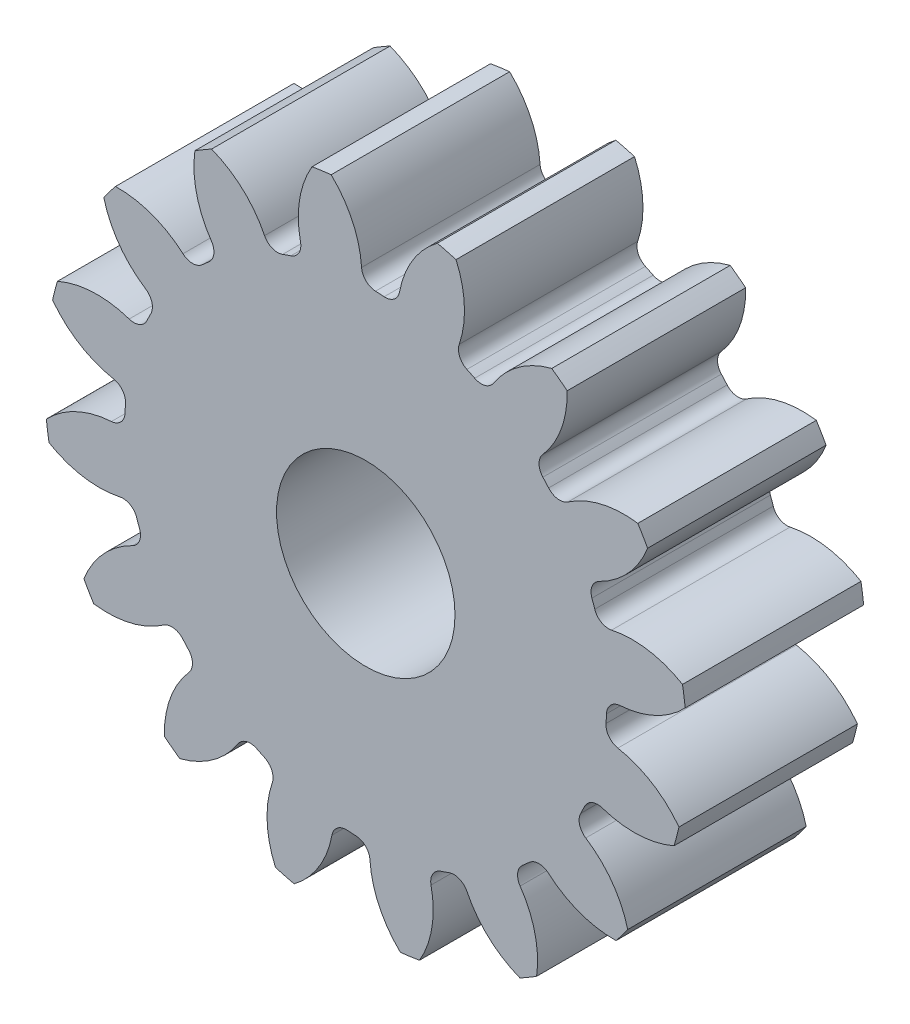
ISO-10303-21;
HEADER;
FILE_DESCRIPTION(('STEP AP214'),'2;1');
FILE_NAME('part.step','',(''),(''),'','','');
FILE_SCHEMA(('AUTOMOTIVE_DESIGN { 1 0 10303 214 1 1 1 1 }'));
ENDSEC;
DATA;
#1=APPLICATION_CONTEXT('core data for automotive mechanical design processes');
#2=APPLICATION_PROTOCOL_DEFINITION('international standard','automotive_design',2000,#1);
#3=PRODUCT_CONTEXT('',#1,'mechanical');
#4=PRODUCT('Part','Part','',(#3));
#5=PRODUCT_RELATED_PRODUCT_CATEGORY('part','',(#4));
#6=PRODUCT_DEFINITION_FORMATION('','',#4);
#7=PRODUCT_DEFINITION_CONTEXT('part definition',#1,'design');
#8=PRODUCT_DEFINITION('design','',#6,#7);
#9=PRODUCT_DEFINITION_SHAPE('','',#8);
#10=(LENGTH_UNIT() NAMED_UNIT(*) SI_UNIT(.MILLI.,.METRE.));
#11=(NAMED_UNIT(*) PLANE_ANGLE_UNIT() SI_UNIT($,.RADIAN.));
#12=(NAMED_UNIT(*) SI_UNIT($,.STERADIAN.) SOLID_ANGLE_UNIT());
#13=UNCERTAINTY_MEASURE_WITH_UNIT(LENGTH_MEASURE(1.E-05),#10,'distance_accuracy_value','');
#14=(GEOMETRIC_REPRESENTATION_CONTEXT(3) GLOBAL_UNCERTAINTY_ASSIGNED_CONTEXT((#13)) GLOBAL_UNIT_ASSIGNED_CONTEXT((#10,
#11,#12)) REPRESENTATION_CONTEXT('',''));
#15=CARTESIAN_POINT('',(0.,0.,0.));
#16=DIRECTION('',(0.,0.,1.));
#17=DIRECTION('',(1.,0.,0.));
#18=AXIS2_PLACEMENT_3D('',#15,#16,#17);
#19=CARTESIAN_POINT('',(0.,0.,101.6));
#20=DIRECTION('',(0.,0.,-1.));
#21=DIRECTION('',(-1.,0.,0.));
#22=AXIS2_PLACEMENT_3D('',#19,#20,#21);
#23=CYLINDRICAL_SURFACE('',#22,182.88);
#24=DIRECTION('',(0.,0.,-1.));
#25=VECTOR('',#24,1.);
#26=CARTESIAN_POINT('',(180.304921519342,30.5815250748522,50.8));
#27=LINE('',#26,#25);
#28=CARTESIAN_POINT('',(180.304921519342,30.5815250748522,101.6));
#29=VERTEX_POINT('',#28);
#30=CARTESIAN_POINT('',(180.304921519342,30.5815250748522,0.));
#31=VERTEX_POINT('',#30);
#32=EDGE_CURVE('E672',#29,#31,#27,.T.);
#33=ORIENTED_EDGE('',*,*,#32,.F.);
#34=CARTESIAN_POINT('',(0.,0.,101.6));
#35=DIRECTION('',(0.,0.,1.));
#36=DIRECTION('',(1.,0.,0.));
#37=AXIS2_PLACEMENT_3D('',#34,#35,#36);
#38=CIRCLE('',#37,182.88);
#39=CARTESIAN_POINT('',(181.817278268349,19.6868413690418,101.6));
#40=VERTEX_POINT('',#39);
#41=EDGE_CURVE('E1241',#40,#29,#38,.T.);
#42=ORIENTED_EDGE('',*,*,#41,.F.);
#43=DIRECTION('',(0.,0.,-1.));
#44=VECTOR('',#43,1.);
#45=CARTESIAN_POINT('',(181.817278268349,19.6868413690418,50.8));
#46=LINE('',#45,#44);
#47=CARTESIAN_POINT('',(181.817278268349,19.6868413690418,0.));
#48=VERTEX_POINT('',#47);
#49=EDGE_CURVE('E1235',#48,#40,#46,.F.);
#50=ORIENTED_EDGE('',*,*,#49,.F.);
#51=CARTESIAN_POINT('',(0.,0.,0.));
#52=DIRECTION('',(0.,0.,1.));
#53=DIRECTION('',(1.,0.,0.));
#54=AXIS2_PLACEMENT_3D('',#51,#52,#53);
#55=CIRCLE('',#54,182.88);
#56=EDGE_CURVE('E1246',#48,#31,#55,.T.);
#57=ORIENTED_EDGE('',*,*,#56,.T.);
#58=EDGE_LOOP('',(#33,#42,#50,#57));
#59=FACE_BOUND('',#58,.T.);
#60=ADVANCED_FACE('F33',(#59),#23,.T.);
#61=DIRECTION('',(0.,0.,-1.));
#62=VECTOR('',#61,1.);
#63=CARTESIAN_POINT('',(160.443434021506,87.7667299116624,50.8));
#64=LINE('',#63,#62);
#65=CARTESIAN_POINT('',(160.443434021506,87.7667299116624,0.));
#66=VERTEX_POINT('',#65);
#67=CARTESIAN_POINT('',(160.443434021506,87.7667299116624,101.6));
#68=VERTEX_POINT('',#67);
#69=EDGE_CURVE('E643',#66,#68,#64,.F.);
#70=ORIENTED_EDGE('',*,*,#69,.F.);
#71=CARTESIAN_POINT('',(154.876983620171,97.2533513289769,0.));
#72=VERTEX_POINT('',#71);
#73=EDGE_CURVE('E1249',#66,#72,#55,.T.);
#74=ORIENTED_EDGE('',*,*,#73,.T.);
#75=DIRECTION('',(0.,0.,-1.));
#76=VECTOR('',#75,1.);
#77=CARTESIAN_POINT('',(154.876983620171,97.2533513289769,50.8));
#78=LINE('',#77,#76);
#79=CARTESIAN_POINT('',(154.876983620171,97.2533513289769,101.6));
#80=VERTEX_POINT('',#79);
#81=EDGE_CURVE('E705',#80,#72,#78,.T.);
#82=ORIENTED_EDGE('',*,*,#81,.F.);
#83=EDGE_CURVE('E1244',#68,#80,#38,.T.);
#84=ORIENTED_EDGE('',*,*,#83,.F.);
#85=EDGE_LOOP('',(#70,#74,#82,#84));
#86=FACE_BOUND('',#85,.T.);
#87=ADVANCED_FACE('F1431',(#86),#23,.T.);
#88=CARTESIAN_POINT('',(0.,0.,101.6));
#89=DIRECTION('',(0.,0.,1.));
#90=DIRECTION('',(1.,0.,0.));
#91=AXIS2_PLACEMENT_3D('',#88,#89,#90);
#92=PLANE('',#91);
#93=CARTESIAN_POINT('',(0.,0.,101.599999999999));
#94=DIRECTION('',(0.,0.,1.));
#95=DIRECTION('',(1.,0.,0.));
#96=AXIS2_PLACEMENT_3D('',#93,#94,#95);
#97=CIRCLE('',#96,50.8);
#98=CARTESIAN_POINT('',(50.8,0.,101.599999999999));
#99=VERTEX_POINT('',#98);
#100=EDGE_CURVE('E660',#99,#99,#97,.T.);
#101=ORIENTED_EDGE('',*,*,#100,.F.);
#102=EDGE_LOOP('',(#101));
#103=FACE_BOUND('',#102,.T.);
#104=ORIENTED_EDGE('',*,*,#41,.T.);
#105=CARTESIAN_POINT('',(151.7151125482,-17.8059617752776,101.6));
#106=DIRECTION('',(0.,0.,-1.));
#107=DIRECTION('',(0.923879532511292,0.382683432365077,0.));
#108=AXIS2_PLACEMENT_3D('',#105,#106,#107);
#109=CIRCLE('',#108,56.2025449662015);
#110=CARTESIAN_POINT('',(139.947110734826,37.1507502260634,101.6));
#111=VERTEX_POINT('',#110);
#112=EDGE_CURVE('E652',#111,#29,#109,.T.);
#113=ORIENTED_EDGE('',*,*,#112,.F.);
#114=CARTESIAN_POINT('',(138.215441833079,45.237665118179,101.6));
#115=DIRECTION('',(0.,0.,1.));
#116=DIRECTION('',(-0.923879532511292,-0.382683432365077,0.));
#117=AXIS2_PLACEMENT_3D('',#114,#115,#116);
#118=CIRCLE('',#117,8.27024000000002);
#119=CARTESIAN_POINT('',(130.355488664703,42.6651166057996,101.6));
#120=VERTEX_POINT('',#119);
#121=EDGE_CURVE('E650',#120,#111,#118,.T.);
#122=ORIENTED_EDGE('',*,*,#121,.F.);
#123=CARTESIAN_POINT('',(0.,0.,101.6));
#124=DIRECTION('',(0.,0.,-1.));
#125=DIRECTION('',(0.923879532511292,0.382683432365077,0.));
#126=AXIS2_PLACEMENT_3D('',#123,#124,#125);
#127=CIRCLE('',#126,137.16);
__________________________________________________
What you are asked to do
Output, line for line and exactly, the records above from their first line through the one with "#17=DIRECTION('',(1.,0.,0.));", both ends included, but no pictures.

Response to the exercise
ISO-10303-21;
HEADER;
FILE_DESCRIPTION(('STEP AP214'),'2;1');
FILE_NAME('part.step','',(''),(''),'','','');
FILE_SCHEMA(('AUTOMOTIVE_DESIGN { 1 0 10303 214 1 1 1 1 }'));
ENDSEC;
DATA;
#1=APPLICATION_CONTEXT('core data for automotive mechanical design processes');
#2=APPLICATION_PROTOCOL_DEFINITION('international standard','automotive_design',2000,#1);
#3=PRODUCT_CONTEXT('',#1,'mechanical');
#4=PRODUCT('Part','Part','',(#3));
#5=PRODUCT_RELATED_PRODUCT_CATEGORY('part','',(#4));
#6=PRODUCT_DEFINITION_FORMATION('','',#4);
#7=PRODUCT_DEFINITION_CONTEXT('part definition',#1,'design');
#8=PRODUCT_DEFINITION('design','',#6,#7);
#9=PRODUCT_DEFINITION_SHAPE('','',#8);
#10=(LENGTH_UNIT() NAMED_UNIT(*) SI_UNIT(.MILLI.,.METRE.));
#11=(NAMED_UNIT(*) PLANE_ANGLE_UNIT() SI_UNIT($,.RADIAN.));
#12=(NAMED_UNIT(*) SI_UNIT($,.STERADIAN.) SOLID_ANGLE_UNIT());
#13=UNCERTAINTY_MEASURE_WITH_UNIT(LENGTH_MEASURE(1.E-05),#10,'distance_accuracy_value','');
#14=(GEOMETRIC_REPRESENTATION_CONTEXT(3) GLOBAL_UNCERTAINTY_ASSIGNED_CONTEXT((#13)) GLOBAL_UNIT_ASSIGNED_CONTEXT((#10,
#11,#12)) REPRESENTATION_CONTEXT('',''));
#15=CARTESIAN_POINT('',(0.,0.,0.));
#16=DIRECTION('',(0.,0.,1.));
#17=DIRECTION('',(1.,0.,0.));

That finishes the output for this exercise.